I was reminded of the desperate small-boat flight to freedom of Frederic Henry and Catherine Barkley down a long mountain lake, crossing to safety into Switzerland, in Hemingway’s A Farewell to Arms. Ross is a popular smuggling route for pot, or was at least, until we legalized it here in Washington State. I’ve often wondered if any of the smugglers might have read that Hem piece. Years ago I pitched Outside Magazine about a story about that smuggling conduit, with me running a trash can full of BC parsley down lake in my kayak, paddling at night, in winter too, feeling what it might be like to stand in a smuggler’s shoes. That story is yet unwritten, and now I’d have to reverse the direction.

Silver Creek was a letdown. Low and almost marshy, the entire flat was like an effluvial plain created from what Silver Creek had carried out of the mountains, which was considerable silt and rock. It was boney, wet and rooty country. We nevertheless caught two trout at the mouth of the creek. We cleaned them and put them right in the fry pan. They were smaller than the fish we had caught, but this time we found a big patch of white chantrelles to go with them and had an exquisite Rafanelli zin along in support.

We paddled leisurely south the next morning, heading for the trailhead at the base of Desolation. Hugging the steep west bank, we crossed at the point opposite Boundary Bay. By this time into the trip the muscles in our backs and shoulders and arms were in game form, and we fairly flew along. We scoped Desolation as we passed by, getting out the topo and guessing on the lay of the trail up.

From the level of the lake, Desolation was an uninspiring, rounded knob of a mountain and nothing like jagged Hozomeen peering over its shoulder.

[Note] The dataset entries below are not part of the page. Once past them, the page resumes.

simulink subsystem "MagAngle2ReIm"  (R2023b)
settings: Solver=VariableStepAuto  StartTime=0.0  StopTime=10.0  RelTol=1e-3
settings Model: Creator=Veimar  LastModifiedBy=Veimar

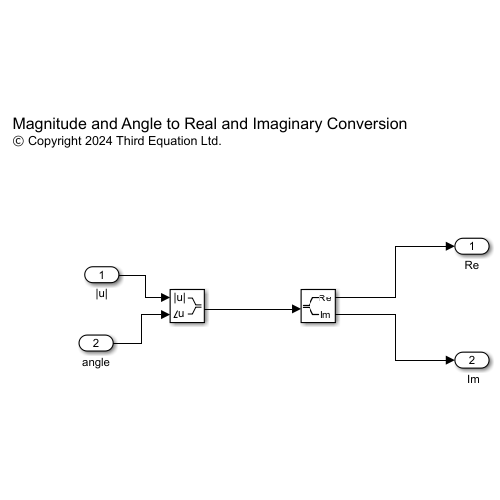
[thumbnail: Simulink's stored preview of the top-level diagram]
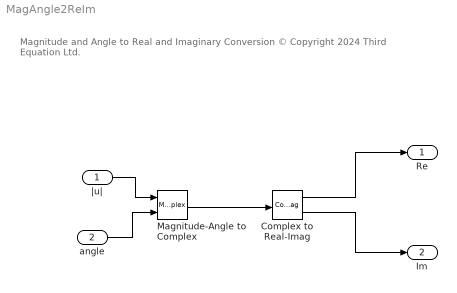
== system MagAngle2ReIm ==
  note: Magnitude and Angle to Real and Imaginary Conversion
      | © Copyright 2024 Third Equation Ltd.
  |u| : Inport
  angle : Inport  Port=2
  Complex to Real-Imag : ComplexToRealImag
  Magnitude-Angle to Complex : MagnitudeAngleToComplex
  Re : Outport
  " Im" : Outport  Port=2
  wires:
  Complex to Real-Imag/1 -> Re/1
  Magnitude-Angle to Complex/1 -> Complex to Real-Imag/1
  |u|/1 -> Magnitude-Angle to Complex/1
  angle/1 -> Magnitude-Angle to Complex/2
  Complex to Real-Imag/2 -> " Im"/1

Jack sketched Hozomeen in a nine word ditty: “Hozomeen, Hozomeen, the most mournful mountain I ever seen . . . .” Well, it was equally mournful camped right below the trailhead that night in a field of exposed tree stumps on a shingly, dry, mud-caked shore.

The stumps were mournful enough, but the shadows they made when the sun went down were downright weird. They flickered more like ghouls, less like wraiths, as the wind batted our flames around. We set lanterns on a couple of stumps thinking that might help, but it only exaggerated the eeriness. We grilled a trout apiece on a wire grill over the open fire, salted them up and dove in. Shut up to eat, we could hear the sounds surround.

They may have added to the eerie mood, but I was keen on them, nevertheless. They were wild and lonely sounds, a lullaby for my soul. We heard the loon again, this time voicing a crystal tremolo. A north wind soughed hard through the steep-ranged timber behind camp. A steady crash of waves swooshed up the shallow bank and had me getting up to make sure they wouldn’t bother the canoe. And the dull roar of Artic Falls across the lake waxed and waned with the whim of the wind. Only the crackle of the night fire had a friendly tone to it. We stayed pretty much quiet after dinner too; it was hard to want to talk and break the spell.

Whitecaps stretched across the lake the next morning. A bright early sun vanquished the ghosts and mournfullness of the night before to the netherworld.

“Good thing we’re not going anywhere,” I shouted over to Steve.

“Except up.”

“You bringing a tent?” I asked.

He looked around at the sky. “I’d rather not. It’s going to be a haul going up. I think it’ll stay dry. I might bring my rain fly though, just in case.”

“Shotgun?”

“Nope, not with the pack and camera and everything else. We’ve got those freeze-dried meals you know.”

“That’s right.”

We packed up and secured our things under the overturned the canoe. We took our time and were on the trail by noon.

At lower elevation, the Desolation trail reminded me of the mossy-rocked islands where I live. Mossy rocks and bouldery outcrops mixed with stands of fir and maple, the leaves winking yellow and gold. We took plenty of breaks along the 5,000 vertical foot ascent. We ate Clif Bars for lunch and made it to the campsite on the southern end of the ridge by late afternoon.

According to the topo, the cabin was a mile further north. We scouted around the knob, ate some blueberries and looked for bear, spotting a yearling in the distance. It seemed as if the wind had picked up, but nary a cloud could be seen, and we could see forever, it seemed like. The lake was a distant ribbon of steel, and an eagle gyred far, far down below where we stood, watching.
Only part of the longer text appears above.